There is great wisdom here, I think. It reminds me of what C. S. Lewis says in his sermon on “Learning in Wartime,” in which he reminds his hearers that in one important sense war doesn’t change anything: in time of perfect peace we have not one more breath of life guaranteed to us than the one we currently take in. I think Karl Barth had something similar in mind when, in his glorious commentary on Paul’s letter to the Romans, he says that there has only ever been one crisis (Krisis) — one uniquely decisive moment — in history, and that came when the Second Person of the Trinity became human for our sake.
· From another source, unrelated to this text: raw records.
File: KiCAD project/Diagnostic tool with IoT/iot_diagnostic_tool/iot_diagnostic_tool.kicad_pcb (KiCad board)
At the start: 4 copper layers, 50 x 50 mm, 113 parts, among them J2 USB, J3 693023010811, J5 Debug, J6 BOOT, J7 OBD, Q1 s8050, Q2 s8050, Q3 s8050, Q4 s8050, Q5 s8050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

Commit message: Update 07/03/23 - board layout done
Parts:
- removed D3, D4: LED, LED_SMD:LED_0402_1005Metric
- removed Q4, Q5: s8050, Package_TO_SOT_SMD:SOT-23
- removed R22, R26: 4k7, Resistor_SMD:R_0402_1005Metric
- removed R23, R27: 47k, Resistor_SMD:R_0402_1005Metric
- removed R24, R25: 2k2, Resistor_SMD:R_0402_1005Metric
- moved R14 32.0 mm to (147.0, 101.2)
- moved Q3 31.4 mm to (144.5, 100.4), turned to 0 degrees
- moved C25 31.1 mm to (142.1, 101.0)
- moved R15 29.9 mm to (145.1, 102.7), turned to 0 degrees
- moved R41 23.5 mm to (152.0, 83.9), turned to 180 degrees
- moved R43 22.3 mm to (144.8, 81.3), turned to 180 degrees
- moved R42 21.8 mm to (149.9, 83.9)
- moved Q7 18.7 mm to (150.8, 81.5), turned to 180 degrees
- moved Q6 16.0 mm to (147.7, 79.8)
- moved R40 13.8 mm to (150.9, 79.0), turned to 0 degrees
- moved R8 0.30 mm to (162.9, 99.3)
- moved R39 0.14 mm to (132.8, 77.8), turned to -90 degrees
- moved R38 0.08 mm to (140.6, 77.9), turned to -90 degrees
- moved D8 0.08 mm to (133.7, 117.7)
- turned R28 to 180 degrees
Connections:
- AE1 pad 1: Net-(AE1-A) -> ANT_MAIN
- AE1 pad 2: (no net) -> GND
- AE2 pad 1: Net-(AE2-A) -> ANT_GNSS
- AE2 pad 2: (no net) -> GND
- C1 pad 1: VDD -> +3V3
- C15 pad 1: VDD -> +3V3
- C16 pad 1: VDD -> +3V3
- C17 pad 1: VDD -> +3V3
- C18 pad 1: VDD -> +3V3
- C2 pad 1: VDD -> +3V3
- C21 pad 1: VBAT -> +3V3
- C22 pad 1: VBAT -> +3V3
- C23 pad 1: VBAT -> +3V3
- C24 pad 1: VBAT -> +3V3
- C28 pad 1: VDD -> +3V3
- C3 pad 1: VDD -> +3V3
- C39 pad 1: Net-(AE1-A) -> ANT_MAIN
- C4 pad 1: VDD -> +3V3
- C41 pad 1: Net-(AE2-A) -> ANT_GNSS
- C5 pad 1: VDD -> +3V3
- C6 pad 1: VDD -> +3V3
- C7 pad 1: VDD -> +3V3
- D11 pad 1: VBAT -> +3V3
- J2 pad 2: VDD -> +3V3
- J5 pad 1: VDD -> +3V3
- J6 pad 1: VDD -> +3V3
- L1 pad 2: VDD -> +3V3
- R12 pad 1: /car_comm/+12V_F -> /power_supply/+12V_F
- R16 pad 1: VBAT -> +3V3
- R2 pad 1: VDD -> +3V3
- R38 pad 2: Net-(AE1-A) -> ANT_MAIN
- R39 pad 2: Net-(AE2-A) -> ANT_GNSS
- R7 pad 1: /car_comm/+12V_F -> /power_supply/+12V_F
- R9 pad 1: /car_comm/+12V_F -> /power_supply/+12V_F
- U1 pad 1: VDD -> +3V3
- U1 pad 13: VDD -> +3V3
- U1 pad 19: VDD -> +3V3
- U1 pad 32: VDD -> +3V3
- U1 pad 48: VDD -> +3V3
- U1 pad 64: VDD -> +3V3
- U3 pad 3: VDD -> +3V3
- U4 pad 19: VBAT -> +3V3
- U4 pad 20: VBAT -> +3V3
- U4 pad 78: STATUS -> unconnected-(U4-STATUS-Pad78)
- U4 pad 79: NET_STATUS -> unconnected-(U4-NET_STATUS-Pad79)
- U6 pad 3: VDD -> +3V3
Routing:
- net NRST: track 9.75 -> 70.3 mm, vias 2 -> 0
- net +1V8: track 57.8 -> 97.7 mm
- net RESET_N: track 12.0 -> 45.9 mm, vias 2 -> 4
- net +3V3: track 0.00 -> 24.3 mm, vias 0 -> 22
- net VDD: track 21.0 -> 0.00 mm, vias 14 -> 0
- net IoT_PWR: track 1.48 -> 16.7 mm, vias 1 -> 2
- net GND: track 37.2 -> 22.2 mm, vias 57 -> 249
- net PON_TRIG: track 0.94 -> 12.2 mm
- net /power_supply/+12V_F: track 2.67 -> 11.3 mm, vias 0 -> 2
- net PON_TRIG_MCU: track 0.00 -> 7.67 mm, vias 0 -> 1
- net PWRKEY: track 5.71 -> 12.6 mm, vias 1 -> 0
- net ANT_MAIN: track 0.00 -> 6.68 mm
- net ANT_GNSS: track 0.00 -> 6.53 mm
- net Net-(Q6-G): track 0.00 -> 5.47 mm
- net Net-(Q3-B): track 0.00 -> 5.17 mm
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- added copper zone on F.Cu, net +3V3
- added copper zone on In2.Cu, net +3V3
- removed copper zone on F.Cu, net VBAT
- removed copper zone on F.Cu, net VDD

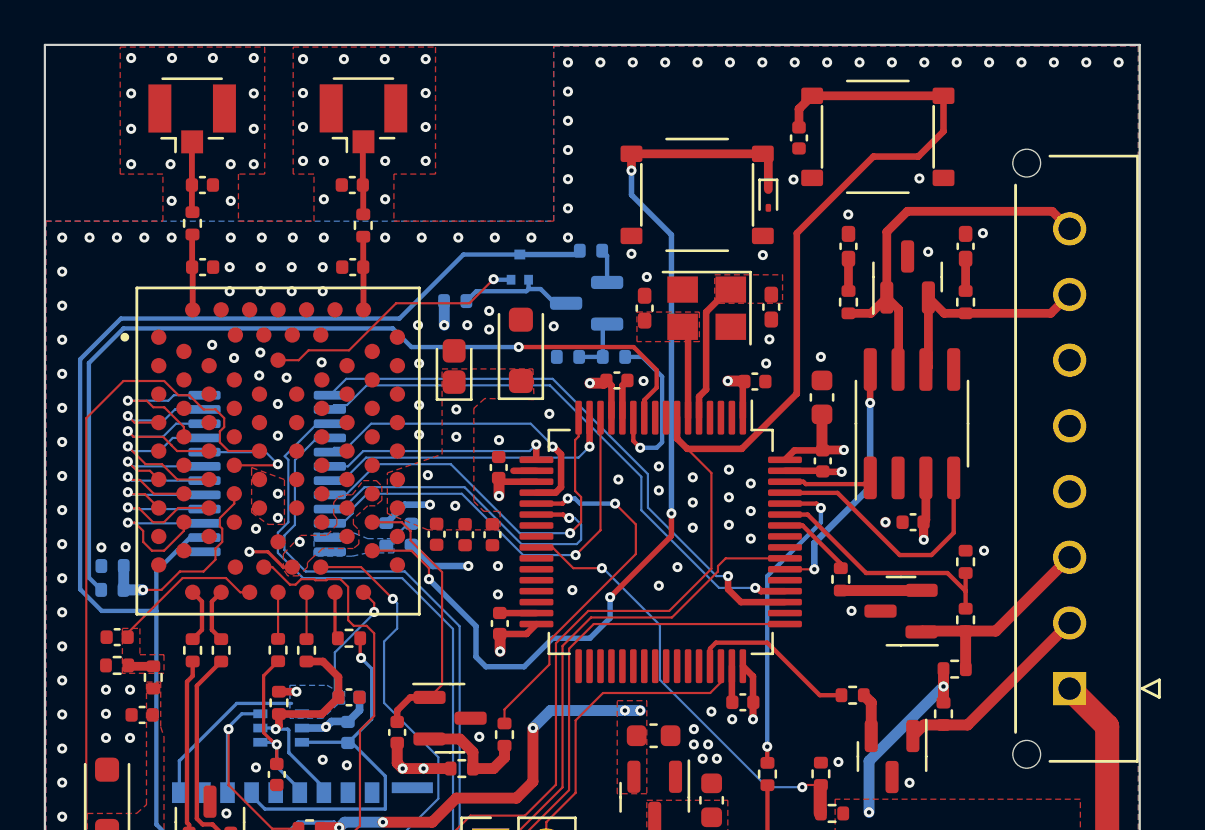
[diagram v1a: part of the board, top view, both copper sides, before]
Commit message: Update 13/03/23 - Board layout fixes
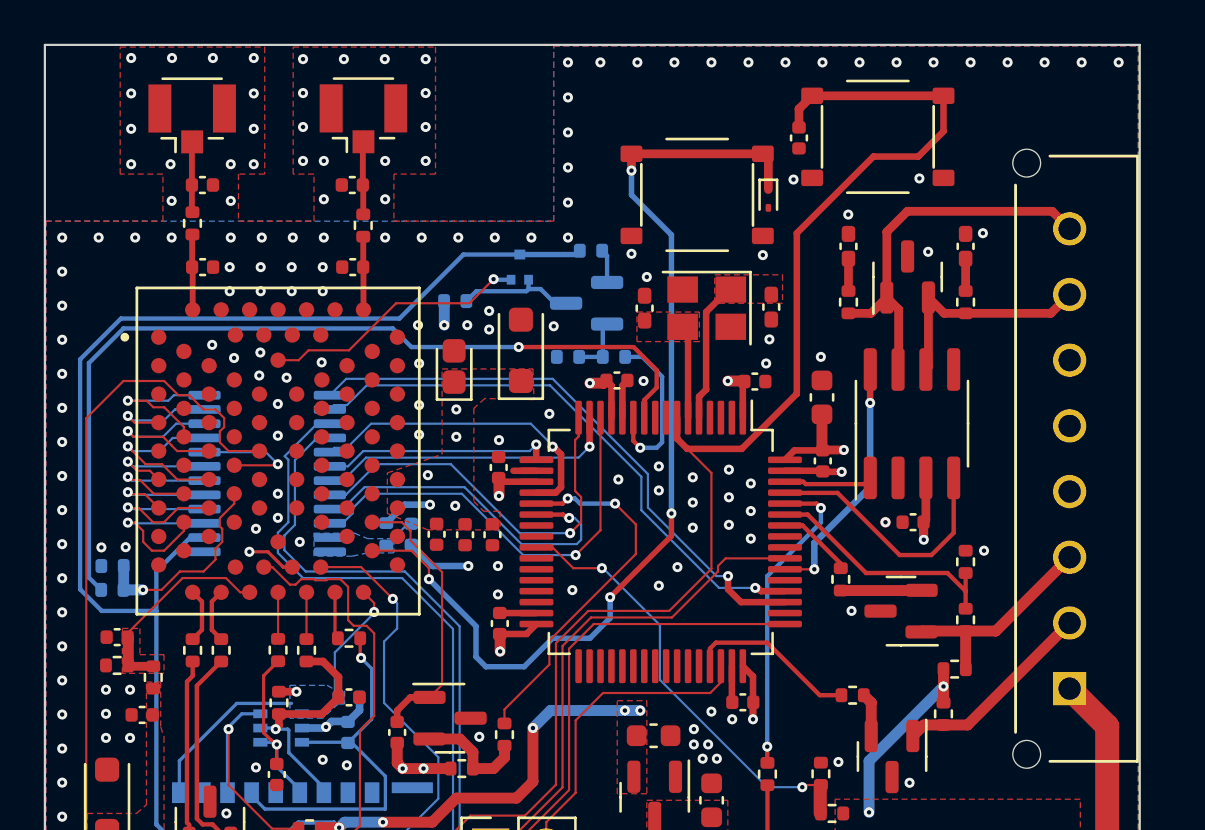
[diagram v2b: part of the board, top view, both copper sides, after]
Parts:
- turned R38 to 90 degrees
- turned R39 to 90 degrees
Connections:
- AE1 pad 1: ANT_MAIN -> /iot_module/antenna/ANT_M
- AE1 pad 2: GND -> (no net)
- AE2 pad 1: ANT_GNSS -> /iot_module/antenna/ANT_G
- AE2 pad 2: GND -> (no net)
- C33 pad 1: SIM_RST -> /iot_module/sim/SIM_RES
- C39 pad 1: ANT_MAIN -> /iot_module/antenna/ANT_M
- C41 pad 1: ANT_GNSS -> /iot_module/antenna/ANT_G
- D5 pad 3: SIM_RST -> /iot_module/sim/SIM_RES
- D7 pad 1: USB_D- -> USB_D-_5
- D7 pad 2: USB_D+ -> USB_D+_5
- J2 pad 3: USB_D+ -> USB_D+_5
- J2 pad 5: USB_D- -> USB_D-_5
- J3 pad C2: SIM_RST -> /iot_module/sim/SIM_RES
- R28 pad 1: SIM_RST -> /iot_module/sim/SIM_RES
- R35 pad 2: USB_D- -> USB_D-_5
- R36 pad 2: USB_D+ -> USB_D+_5
- R38 pad 2: ANT_MAIN -> /iot_module/antenna/ANT_M
- R39 pad 2: ANT_GNSS -> /iot_module/antenna/ANT_G
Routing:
- net SIM_RST: track 20.1 -> 2.15 mm, vias 1 -> 0
- net /iot_module/sim/SIM_RES: track 0.00 -> 17.9 mm, vias 0 -> 1
- net USB_D+_5: track 0.00 -> 14.0 mm
- net USB_D+: track 16.5 -> 2.49 mm
- net USB_D-_5: track 0.00 -> 13.4 mm
- net USB_D-: track 15.9 -> 2.49 mm
- net ANT_MAIN: track 6.68 -> 3.29 mm
- net /iot_module/antenna/ANT_M: track 0.00 -> 3.39 mm
- net /iot_module/antenna/ANT_G: track 0.00 -> 3.22 mm
- net ANT_GNSS: track 6.53 -> 3.31 mm
- net USB_VBUS: track 8.23 -> 9.53 mm
- net GND: vias 249 -> 245

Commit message: Update 17/03/23 - final board update, generated files for manufacturing
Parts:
- removed Q7: s8050, Package_TO_SOT_SMD:SOT-23
- added D2: LED, Diode_SMD:D_0603_1608Metric, F.Cu at (154.8, 72.0)
- added G***: LOGO, KiCAD project:vut_logo, F.Cu at (165.9, 104.2)
- added Q4: BC817, Package_TO_SOT_SMD:SOT-23, F.Cu at (164.4, 100.7)
- added Q5: BC817, Package_TO_SOT_SMD:SOT-23_Handsoldering, B.Cu at (155.8, 73.3)
- added R17: 2k2, Resistor_SMD:R_0402_1005Metric, F.Cu at (157.4, 73.3)
- added R18: 4k7, Resistor_SMD:R_0402_1005Metric, F.Cu at (151.2, 74.7)
- added R19: 47k, Resistor_SMD:R_0402_1005Metric, F.Cu at (151.7, 73.0)
- C24: footprint Capacitor_Tantalum_SMD:CP_EIA-1608-08_AVX-J -> Capacitor_Tantalum_SMD:CP_EIA-3528-21_Kemet-B
- C27, C32, C33, C34, C35: footprint Capacitor_SMD:C_0402_1005Metric -> Capacitor_SMD:C_0402_1005Metric_Pad0.74x0.62mm_HandSolder
- D5: footprint Package_TO_SOT_SMD:SOT-363_SC-70-6 -> Package_TO_SOT_SMD:SOT-363_SC-70-6_Handsoldering
- Q1, Q2: value s8050 -> BC817
- Q3: value s8050 -> BC817; footprint Package_TO_SOT_SMD:SOT-23 -> Package_TO_SOT_SMD:SOT-23_Handsoldering; moved to B.Cu
- R16, R40, R41, R42, R43, R44, R45: footprint Resistor_SMD:R_0402_1005Metric -> Resistor_SMD:R_0402_1005Metric_Pad0.72x0.64mm_HandSolder
- U6: footprint Package_TO_SOT_SMD:SOT-23 -> Package_TO_SOT_SMD:SOT-23_Handsoldering
- moved Q2 20.2 mm to (144.6, 100.5), turned to 180 degrees
- moved Q3 20.2 mm to (151.4, 81.5)
- moved J6 2.00 mm to (153.6, 110.6)
- moved R8 1.65 mm to (161.3, 99.8)
- moved Q1 1.04 mm to (164.6, 96.4), turned to 0 degrees
- moved R41 0.88 mm to (152.9, 83.9)
- moved C24 0.78 mm to (145.3, 84.8)
- moved C32 0.59 mm to (139.7, 98.9)
- moved R40 0.53 mm to (151.5, 79.0)
- moved R44 0.46 mm to (129.1, 95.0)
- moved U6 0.45 mm to (153.9, 104.5)
- moved D11 0.43 mm to (148.2, 83.7)
- moved R6 0.26 mm to (162.1, 94.1)
- moved C29 0.25 mm to (153.8, 101.0)
- moved R45 0.25 mm to (129.3, 93.3)
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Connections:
- Q1 pad 1: ISO_K -> Net-(Q1-B)
- Q1 pad 2: Net-(Q1-B) -> GND
- Q1 pad 3: GND -> ISO_K
- Q2 pad 1: ISO_L -> Net-(Q2-B)
- Q2 pad 2: Net-(Q2-B) -> GND
- Q2 pad 3: GND -> PWRKEY
- Q3 pad 1: PWRKEY -> Net-(Q3-B)
- Q3 pad 2: Net-(Q3-B) -> Net-(Q3-E)
- Q3 pad 3: GND -> Net-(Q3-C)
- Q6 pad 1: Net-(Q6-G) -> Net-(Q3-E)
- R14 pad 2: Net-(Q3-B) -> Net-(Q2-B)
- R15 pad 2: Net-(Q3-B) -> Net-(Q2-B)
- R28 pad 1: /iot_module/sim/SIM_RES -> SIM_RST
- R28 pad 2: SIM_RST -> /iot_module/sim/SIM_RES
- R37 pad 1: USB_BOOT_VCC -> +1V8
- R37 pad 2: +1V8 -> USB_BOOT_VCC
- R40 pad 2: Net-(Q7-C) -> Net-(Q3-C)
- R41 pad 2: Net-(Q7-B) -> Net-(Q3-B)
- R42 pad 1: Net-(Q7-B) -> Net-(Q3-B)
- R43 pad 1: Net-(Q6-G) -> Net-(Q3-E)
- R8 pad 1: Net-(Q2-B) -> Net-(Q4-B)
- U4 pad 79: unconnected-(U4-NET_STATUS-Pad79) -> NET_STATUS
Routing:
- net NET_STATUS: track 0.00 -> 26.3 mm
- net Net-(Q5-B): track 0.00 -> 7.58 mm, vias 0 -> 1
- net Net-(Q6-G): track 5.47 -> 0.00 mm
- net Net-(Q3-E): track 0.00 -> 5.39 mm
- net GND: track 22.2 -> 17.9 mm, vias 245 -> 256
- net Net-(Q5-C): track 0.00 -> 3.04 mm, vias 0 -> 1
- net Net-(Q3-C): track 0.00 -> 2.76 mm
- net Net-(Q7-B): track 2.66 -> 0.00 mm
- net Net-(D2-K): track 0.00 -> 2.38 mm
- net Net-(J6-Pin_2): track 9.98 -> 12.0 mm
- net +1V8: track 97.7 -> 99.5 mm
- net Net-(Q4-B): track 0.00 -> 1.70 mm
- net Net-(Q7-C): track 1.54 -> 0.00 mm
- net Net-(Q2-B): track 2.00 -> 3.47 mm
- net Net-(Q1-B): track 3.69 -> 2.23 mm
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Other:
- board text added: "+"
- board text added: "+ -"
- board text added: "+12"
- board text added: "BOOT"
- board text added: "BOOT0"
- board text added: "CAN H"
- board text added: "CAN L"
- board text added: "CLK"
- board text added: "D-RX"
- board text added: "D-TX"
- board text added: "GND"
- board text added: "GNSS"
- board text added: "IoT"
- board text added: "IoT RST"
- board text added: "JLCJLCJLCJLC"
- board text added: "K"
- board text added: "L"
- board text added: "MCU RST"
- board text added: "Miroslav Babeľa 2023"
- board text added: "NET"
- board text added: "NRST"
- board text added: "PHY"
- board text added: "SWDIO"
- board text added: "SWO"
- board text added: "VCC"

What I’m about to say may sound frivolous, but I assure you it isn’t. I link all this in my mind with a passage from Rebecca West’s Black Lamb and Grey Falcon, which, as some of you may know, I believe to be the greatest book of the twentieth century. I need to preface the passage I am about to quote with this bit of information: At several points in the book West states her belief that, by nature, men are lunatics and women are idiots. That is, men are changeable like the moon, waxing and waning, running this way and that full tilt; whereas women are idiotes, private persons, caught up wholly in their own small world, dwelling within its narrow dimensions.
With that in mind, here’s a passage from near the end of the book, depicting a moment in which West is listening to her husband having an intense political argument with a Yugoslavian.
Just then my eye was caught by two large, loosely formed spheres in neutral colours, one blackish grey, the other brownish black. These were the behinds of two peasant women who were employed by the municipalities to weed the flower-beds at the corners of the square. They were being idiots, private persons in the same sense as the nurse in my London nursing-home, who was unable to imagine why the assassination of King Alexander should perturb anybody but his personal friends. They were paid to pull up weeds, and they wanted the money, so they continued to pull them up, even when the students raised a shout and brought some gendarmes down on them not fifteen yards away. As I looked at those devoted behinds, bobbing up and down over their exemplary task, and the smug face of the automatic rebel, I thanked God for the idiocy of women, which must in many parts of the world have been the sole defender of life against the lunacy of men.I read this passage and I think: Lord, make me an idiot, an idiot for Thy Kingdom. Keep me focused on the weeds I need to pull, the garden I am charged with tending. Let the lunatics run and shout as they will, but keep me at work on my humble daily “exemplary task.” In the name of Jesus I ask this. Amen.